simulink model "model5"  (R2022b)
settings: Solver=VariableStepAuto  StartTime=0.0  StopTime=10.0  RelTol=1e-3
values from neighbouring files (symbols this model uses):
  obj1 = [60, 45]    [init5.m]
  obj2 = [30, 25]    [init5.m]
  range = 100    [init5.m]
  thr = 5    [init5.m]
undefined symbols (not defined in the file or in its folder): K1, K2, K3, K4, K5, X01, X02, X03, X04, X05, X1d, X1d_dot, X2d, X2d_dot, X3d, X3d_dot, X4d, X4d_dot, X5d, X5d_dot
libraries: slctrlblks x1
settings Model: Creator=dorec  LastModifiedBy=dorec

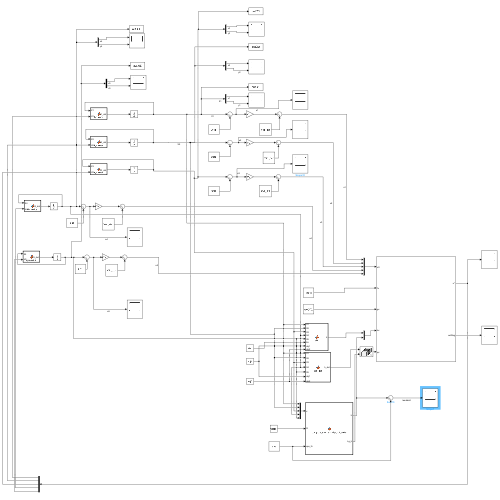
[thumbnail: Simulink's stored preview of the top-level diagram]
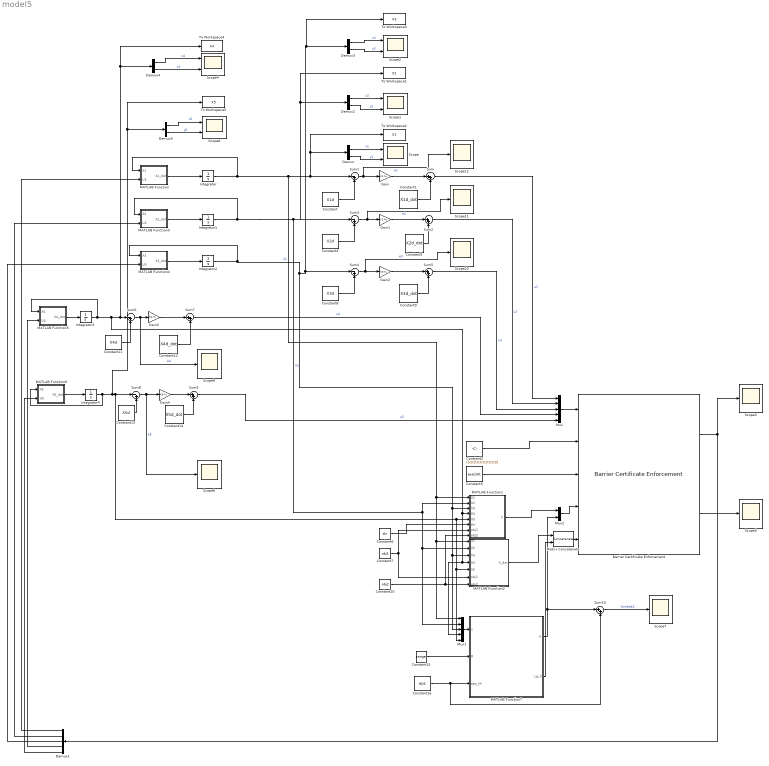
== system model5 ==
  Barrier Certificate Enforcement : slctrlblks/Barrier Certificate Enforcement  nx=10  nu=10  nc=21  gamma=10  beta=1  external_umax=off  external_umin=off  Ts=0.1  maxiter=200  tol=1e-6  output_exitflag=on
      settings: LibrarySourceBlock=slctrlblks/Constraint Control/Barrier Certificate Enforcement
  Constant : Constant  Value=X1d
  Constant1 : Constant  Value=X1d_dot
  Constant10 : Constant  Value=obj2
  Constant11 : Constant  Value=X4d
  Constant12 : Constant  Value=X4d_dot
  Constant13 : Constant  Value=X5d
  Constant14 : Constant  Value=X5d_dot
  Constant15 : Constant  Value=range
  Constant16 : Constant  Value=eps
  Constant2 : Constant  Value=[0;0;0;0;0;0;0;0;0;0]
  Constant3 : Constant  Value=eye(10);
  Constant4 : Constant  Value=X2d
  Constant5 : Constant  Value=X2d_dot
  Constant6 : Constant  Value=thr
  Constant7 : Constant  Value=obj1
  Constant8 : Constant  Value=X3d
  Constant9 : Constant  Value=X3d_dot
  Demux{,2..5} (5 alike) : Demux  Outputs=2
  Demux1 : Demux  Outputs=5
  Gain : Gain  Gain=K1  Multiplication=Matrix(K*u)
  Gain1 : Gain  Gain=K2  Multiplication=Matrix(K*u)
  Gain2 : Gain  Gain=K3  Multiplication=Matrix(K*u)
  Gain3 : Gain  Gain=K4  Multiplication=Matrix(K*u)
  Gain4 : Gain  Gain=K5  Multiplication=Matrix(K*u)
  Integrator : Integrator  InitialCondition=X01
  Integrator1 : Integrator  InitialCondition=X02
  Integrator2 : Integrator  InitialCondition=X03
  Integrator3 : Integrator  InitialCondition=X04
  Integrator4 : Integrator  InitialCondition=X05
  MATLAB Function : MATLAB Function  TreatAsAtomicUnit=on
  MATLAB Function1 : MATLAB Function  TreatAsAtomicUnit=on
  MATLAB Function2 : MATLAB Function  TreatAsAtomicUnit=on
  MATLAB Function3 : MATLAB Function  TreatAsAtomicUnit=on
  MATLAB Function4 : MATLAB Function  TreatAsAtomicUnit=on
  MATLAB Function5 : MATLAB Function  TreatAsAtomicUnit=on
  MATLAB Function6 : MATLAB Function  TreatAsAtomicUnit=on
  MATLAB Function7 : MATLAB Function  TreatAsAtomicUnit=on
  Matrix Concatenate : Concatenate  Mode=Multidimensional array
  Mux : Mux  Inputs=5
  Mux1 : Mux  Inputs=5
  Mux2 : Mux  Inputs=2
  Scope{,1..2,4,6} (5 alike) : Scope  NumInputPorts=2
  Scope{3,5,7..12} (8 alike) : Scope
  Sum{,2,5,7,9..10} (6 alike) : Sum  Inputs=|++
  Sum{1,3..4,6,8} (5 alike) : Sum  Inputs=|-+
  To Workspace1 : ToWorkspace  VariableName=X2  SaveFormat=Timeseries  SampleTime=-1
  To Workspace2 : ToWorkspace  VariableName=X1  SaveFormat=Timeseries  SampleTime=-1
  To Workspace3 : ToWorkspace  VariableName=X3  SaveFormat=Timeseries  SampleTime=-1
  To Workspace4 : ToWorkspace  VariableName=X4  SaveFormat=Timeseries  SampleTime=-1
  To Workspace5 : ToWorkspace  VariableName=X5  SaveFormat=Timeseries  SampleTime=-1
  wires:
  Integrator/1 -> Mux1/1, MATLAB Function2/1(X1), MATLAB Function1/1(X1), To Workspace2/1, Demux/1, Sum1/1, MATLAB Function/1(X1)  "X1"
  Sum1/1 -> Scope12/1, Gain/1  "e1"
  Constant/1 -> Sum1/2
  Gain/1 -> Sum/1
  Constant1/1 -> Sum/2
  Sum/1 -> Mux/1  "u1"
  MATLAB Function/1(X1_dot) -> Integrator/1
  Demux/1 -> Scope/1  "x1"
  Demux/2 -> Scope/2  "y1"
  MATLAB Function1/1(h) -> Mux2/1
  MATLAB Function2/1(h_dot) -> Matrix Concatenate/1
  Constant3/1 -> Barrier Certificate Enforcement/3
  Constant2/1 -> Barrier Certificate Enforcement/2
  Barrier Certificate Enforcement/1 -> Scope3/1, Demux1/1
  Constant5/1 -> Sum2/2
  Constant4/1 -> Sum3/2
  Gain1/1 -> Sum2/1
  Integrator1/1 -> MATLAB Function3/1(X2), To Workspace1/1, Demux2/1, Mux1/2, MATLAB Function2/2(X2), MATLAB Function1/2(X2), Sum3/1  "X2"
  MATLAB Function3/1(X2_dot) -> Integrator1/1
  Sum2/1 -> Mux/2  "u2"
  Mux/1 -> Barrier Certificate Enforcement/1
  Demux2/1 -> Scope1/1  "x2"
  Demux2/2 -> Scope1/2  "y2"
  Constant6/1 -> MATLAB Function1/6(thr)
  Constant7/1 -> MATLAB Function2/6(obj1), MATLAB Function1/7(obj1)
  MATLAB Function4/1(X3_dot) -> Integrator2/1
  Integrator2/1 -> Mux1/3, MATLAB Function2/3(X3), MATLAB Function1/3(X3), Demux3/1, To Workspace3/1, Sum4/1, MATLAB Function4/1(X3)
  Sum4/1 -> Scope10/1, Gain2/1  "e3"
  Constant8/1 -> Sum4/2
  Gain2/1 -> Sum5/1
  Constant9/1 -> Sum5/2
  Demux1/2 -> MATLAB Function3/2(U2)
  Demux3/2 -> Scope2/2  "y3"
  Demux3/1 -> Scope2/1  "x3"
  Constant10/1 -> MATLAB Function1/8(obj2), MATLAB Function2/7(obj2)
  MATLAB Function5/1(X4_dot) -> Integrator3/1
  Constant11/1 -> Sum6/2
  Sum6/1 -> Scope9/1, Gain3/1  "e4"
  Gain3/1 -> Sum7/1
  Constant12/1 -> Sum7/2
  Demux4/2 -> Scope4/2  "y4"
  Demux4/1 -> Scope4/1  "x4"
  Integrator3/1 -> MATLAB Function5/1(X4), Mux1/4, MATLAB Function2/4(X4), MATLAB Function1/4(X4), Demux4/1, To Workspace4/1, Sum6/1
  MATLAB Function6/1(X5_dot) -> Integrator4/1
  Integrator4/1 -> MATLAB Function6/1(X5), To Workspace5/1, Demux5/1, Sum8/1, Mux1/5, MATLAB Function2/5(X5), MATLAB Function1/5(X5)
  Constant13/1 -> Sum8/2
  Sum8/1 -> Scope8/1, Gain4/1  "e5"
  Gain4/1 -> Sum9/1
  Constant14/1 -> Sum9/2
  Demux1/5 -> MATLAB Function6/2(U5)
  Demux5/2 -> Scope6/2  "y5"
  Demux5/1 -> Scope6/1  "x5"
  Sum9/1 -> Mux/5  "u5"
  Sum5/1 -> Mux/3  "u3"
  Sum7/1 -> Mux/4  "u4"
  Demux1/1 -> MATLAB Function/2(U1)
  Demux1/3 -> MATLAB Function4/2(U3)
  Demux1/4 -> MATLAB Function5/2(U4)
  Constant15/1 -> MATLAB Function7/2(R)
  Constant16/1 -> Sum10/2, MATLAB Function7/3(eps_th)
  Mux1/1 -> MATLAB Function7/1(x)
  MATLAB Function7/1(h) -> Sum10/1, Mux2/2
  Matrix Concatenate/1 -> Barrier Certificate Enforcement/5
  MATLAB Function7/2(Lg_h) -> Matrix Concatenate/2
  Mux2/1 -> Barrier Certificate Enforcement/4
  Barrier Certificate Enforcement/2 -> Scope5/1
  Sum10/1 -> Scope7/1  "lambda2"
  Sum3/1 -> Scope11/1, Gain1/1  "e2"

== matlab function model5/MATLAB Function1 ==
  data: X1 input; X2 input; X3 input; X4 input; X5 input; thr input; h output; obj1 input; obj2 input
function h = cbf(X1, X2, X3, X4, X5, thr, obj1, obj2)
    h12 = norm(X1 - X2) - thr;
    h13 = norm(X1 - X3) - thr;
    h14 = norm(X1 - X4) - thr;
    h15 = norm(X1 - X5) - thr;

    h23 = norm(X2 - X3) - thr;
    h24 = norm(X2 - X4) - thr;
    h25 = norm(X2 - X5) - thr;

    h34 = norm(X3 - X4) - thr;
    h35 = norm(X3 - X5) - thr;

    h45 = norm(X4 - X5) - thr;


    h1o1 = norm(X1 - obj1) - thr;
    h2o1 = norm(X2 - obj1) - thr;
    h3o1 = norm(X3 - obj1) - thr;
    h4o1 = norm(X4 - obj1) - thr;
    h5o1 = norm(X5 - obj1) - thr;

    h1o2 = norm(X1 - obj2) - thr;
    h2o2 = norm(X2 - obj2) - thr;
    h3o2 = norm(X3 - obj2) - thr;
    h4o2 = norm(X4 - obj2) - thr;
    h5o2 = norm(X5 - obj2) - thr;


    h = [ h12; h13; h14; h15;
          h23; h24; h25;
          h34; h35;
          h45;
          h1o1; h2o1; h3o1; h4o1; h5o1;
          h1o2; h2o2; h3o2; h4o2; h5o2 ];
end

== matlab function model5/MATLAB Function ==
  data: X1 input; U1 input size=[2 1]; X1_dot output
function X1_dot = dynamics(X1,U1)

x1_dot = U1(1);
y1_dot = U1(2);

X1_dot = [x1_dot; y1_dot];

== matlab function model5/MATLAB Function2 ==
  data: X1 input; X2 input; X3 input; X4 input; X5 input; obj1 input; h_dot output; obj2 input
function h_dot = cbf_dot(X1, X2, X3, X4, X5, obj1, obj2)
    
    n12 = (X1 - X2)/norm(X1 - X2);
    n13 = (X1 - X3)/norm(X1 - X3);
    n14 = (X1 - X4)/norm(X1 - X4);
    n15 = (X1 - X5)/norm(X1 - X5);

    n23 = (X2 - X3)/norm(X2 - X3);
    n24 = (X2 - X4)/norm(X2 - X4);
    n25 = (X2 - X5)/norm(X2 - X5);

    n34 = (X3 - X4)/norm(X3 - X4);
    n35 = (X3 - X5)/norm(X3 - X5);

    n45 = (X4 - X5)/norm(X4 - X5);

    
    n1o1 = (X1 - obj1)/norm(X1 - obj1);
    n2o1 = (X2 - obj1)/norm(X2 - obj1);
    n3o1 = (X3 - obj1)/norm(X3 - obj1);
    n4o1 = (X4 - obj1)/norm(X4 - obj1);
    n5o1 = (X5 - obj1)/norm(X5 - obj1);

    
    n1o2 = (X1 - obj2)/norm(X1 - obj2);
    n2o2 = (X2 - obj2)/norm(X2 - obj2);
    n3o2 = (X3 - obj2)/norm(X3 - obj2);
    n4o2 = (X4 - obj2)/norm(X4 - obj2);
    n5o2 = (X5 - obj2)/norm(X5 - obj2);



    h_dot = [
        
        n12(1) n12(2)  -n12(1) -n12(2)   0 0   0 0   0 0; 
        n13(1) n13(2)   0 0  -n13(1) -n13(2)  0 0   0 0; 
        n14(1) n14(2)   0 0   0 0  -n14(1) -n14(2)  0 0; 
        n15(1) n15(2)   0 0   0 0   0 0  -n15(1) -n15(2); 

        0 0  n23(1) n23(2)  -n23(1) -n23(2)  0 0   0 0; 
        0 0  n24(1) n24(2)   0 0  -n24(1) -n24(2)  0 0; 
        0 0  n25(1) n25(2)   0 0   0 0  -n25(1) -n25(2); 

        0 0   0 0  n34(1) n34(2)  -n34(1) -n34(2)  0 0; 
        0 0   0 0  n35(1) n35(2)   0 0  -n35(1) -n35(2); 

        0 0   0 0   0 0  n45(1) n45(2)  -n45(1) -n45(2); 

        n1o1(1) n1o1(2)  0 0 0 0 0 0 0 0; 
        0 0  n2o1(1) n2o1(2)  0 0 0 0 0 0; 
        0 0  0 0  n3o1(1) n3o1(2)  0 0 0 0; 
        0 0  0 0  0 0  n4o1(1) n4o1(2)  0 0; 
        0 0  0 0  0 0  0 0  n5o1(1) n5o1(2); 

        n1o2(1) n1o2(2)  0 0 0 0 0 0 0 0;
        0 0  n2o2(1) n2o2(2)  0 0 0 0 0 0; 
        0 0  0 0  n3o2(1) n3o2(2)  0 0 0 0;
        0 0  0 0  0 0  n4o2(1) n4o2(2)  0 0;
        0 0  0 0  0 0  0 0  n5o2(1) n5o2(2); 
    ];
end

== matlab function model5/MATLAB Function3 ==
  data: X2 input; U2 input size=[2 1]; X2_dot output
function X2_dot = dynamics(X2,U2)

x2_dot = U2(1);
y2_dot = U2(2);

X2_dot = [x2_dot; y2_dot];

== matlab function model5/MATLAB Function4 ==
  data: X3 input; U3 input size=[2 1]; X3_dot output
function X3_dot = dynamics(X3,U3)

x3_dot = U3(1);
y3_dot = U3(2);

X3_dot = [x3_dot; y3_dot];

== matlab function model5/MATLAB Function5 ==
  data: X4 input; U4 input size=[2 1]; X4_dot output
function X4_dot = dynamics(X4,U4)

x4_dot = U4(1);
y4_dot = U4(2);

X4_dot = [x4_dot; y4_dot];

== matlab function model5/MATLAB Function6 ==
  data: X5 input; U5 input size=[2 1]; X5_dot output
function X5_dot = dynamics(X5,U5)

x5_dot = U5(1);
y5_dot = U5(2);

X5_dot = [x5_dot; y5_dot];

== matlab function model5/MATLAB Function7 ==
  data: x input; h output; R input; eps_th input; Lg_h output
function [h, Lg_h] = compute_connectivity_cbf_safe(x, R, eps_th)
% Simulink-friendly and robust computation of:
%  h = lambda2 - eps_th
%  Lg_h : 1 x (2N) gradient d lambda2 / d x
%  Lf_plus_alpha : scalar = phi * h  (Lf h = 0 for single-integrator)
%
% Inputs:
%  x       : 2N x 1 stacked positions [x1; y1; x2; y2; ...]
%  R       : communication radius
%  eps_th  : connectivity threshold epsilon
%  phi     : alpha gain (alpha(h) = phi*h)
%
% Notes:
%  - This uses a polynomial bump weight: a(d) = (1 - (d/R)^2)^3 for d<=R, 0 otherwise.
%  - Avoids division by zero and ensures numeric finiteness.

% Parameters
MIN_D = 1e-6;    % min distance to avoid division by zero
N = numel(x)/2;
pos = reshape(x,2,N)';   % N x 2

% Prealloc
A = zeros(N);
dmat = zeros(N);

% Build adjacency using polynomial bump (bounded and smooth)
for i=1:N-1
    xi = pos(i,:);
    for j=i+1:N
        xj = pos(j,:);
        rij = xi - xj;
        dij = sqrt( max( rij(1)^2 + rij(2)^2, 0 ) ); % non-negative
        dmat(i,j) = dij;
        dmat(j,i) = dij;
        if dij <= R
            % polynomial bump (smooth, bounded)
            t = (dij / R)^2;
            aij = (1 - t)^3;   % in [0,1]
        else
            aij = 0;
        end
        A(i,j) = aij;
        A(j,i) = aij;
    end
end

% Ensure numeric finiteness
A(~isfinite(A)) = 0;

% Laplacian
D = diag(sum(A,2));
L = D - A;

% compute eigenpairs (full eig) and force real (Simulink-safe)
[Vfull, Dfull] = eig(L);
Vfull = real(Vfull);
Dfull = real(Dfull);
dvals = diag(Dfull);
[dvals_s, idx] = sort(dvals);
% If network is disconnected, lambda2 may equal 0; still fine
if numel(dvals_s) >= 2
    lambda2 = dvals_s(2);
    v2 = Vfull(:, idx(2));
else
    % fallback: small network (N=1) or pathological - set lambda2=0
    lambda2 = 0;
    v2 = zeros(N,1);
end
v2 = real(v2);

h = lambda2 - eps_th;

% compute beta = d lambda2 / d x (1 x 2N)
beta = zeros(1, 2*N);

% Precompute constants for polynomial bump derivative:
% For a(d) = (1 - (d/R)^2)^3, da/dd = -6 * (1 - (d/R)^2)^2 * (d / R^2)
for i = 1:N
    grad_i = zeros(1,2); % d lambda2 / d xi
    xi = pos(i,:);
    for j = 1:N
        if j == i, continue; end
        dij = dmat(i,j);
        if dij <= R && dij > 0
            % safe derivative computation
            t = (dij / R)^2;
            % derivative da/dd
            dad_d = -6 * (1 - t)^2 * (dij / (R^2));
            % avoid dividing by zero
            inv_d = 1.0 / max(dij, MIN_D);
            % d a_ij / d x_i = dad_d * (x_i - x_j)/dij
            da_dx = dad_d * (pos(i,:) - pos(j,:)) * inv_d;
            weight = (v2(i) - v2(j))^2;
            % accumulate (strip any tiny imag parts)
            grad_i = grad_i + real(da_dx * weight);
        end
        % if dij == 0 -> skip contribution (or you may add small regularization)
    end
    beta( (2*(i-1)+1) : (2*i) ) = grad_i;
end

% Safety: ensure finite values
beta(~isfinite(beta)) = 0;

Lg_h = beta;

end

» **Try it**
After dropping the pictures, reproduce exactly the lines from the first line of the entries through the line containing "Constant14 : Constant", both included.

» **Task response**
simulink model "model5"  (R2022b)
settings: Solver=VariableStepAuto  StartTime=0.0  StopTime=10.0  RelTol=1e-3
values from neighbouring files (symbols this model uses):
  obj1 = [60, 45]    [init5.m]
  obj2 = [30, 25]    [init5.m]
  range = 100    [init5.m]
  thr = 5    [init5.m]
undefined symbols (not defined in the file or in its folder): K1, K2, K3, K4, K5, X01, X02, X03, X04, X05, X1d, X1d_dot, X2d, X2d_dot, X3d, X3d_dot, X4d, X4d_dot, X5d, X5d_dot
libraries: slctrlblks x1
settings Model: Creator=dorec  LastModifiedBy=dorec

[thumbnail: Simulink's stored preview of the top-level diagram]
== system model5 ==
  Barrier Certificate Enforcement : slctrlblks/Barrier Certificate Enforcement  nx=10  nu=10  nc=21  gamma=10  beta=1  external_umax=off  external_umin=off  Ts=0.1  maxiter=200  tol=1e-6  output_exitflag=on
      settings: LibrarySourceBlock=slctrlblks/Constraint Control/Barrier Certificate Enforcement
  Constant : Constant  Value=X1d
  Constant1 : Constant  Value=X1d_dot
  Constant10 : Constant  Value=obj2
  Constant11 : Constant  Value=X4d
  Constant12 : Constant  Value=X4d_dot
  Constant13 : Constant  Value=X5d
  Constant14 : Constant  Value=X5d_dot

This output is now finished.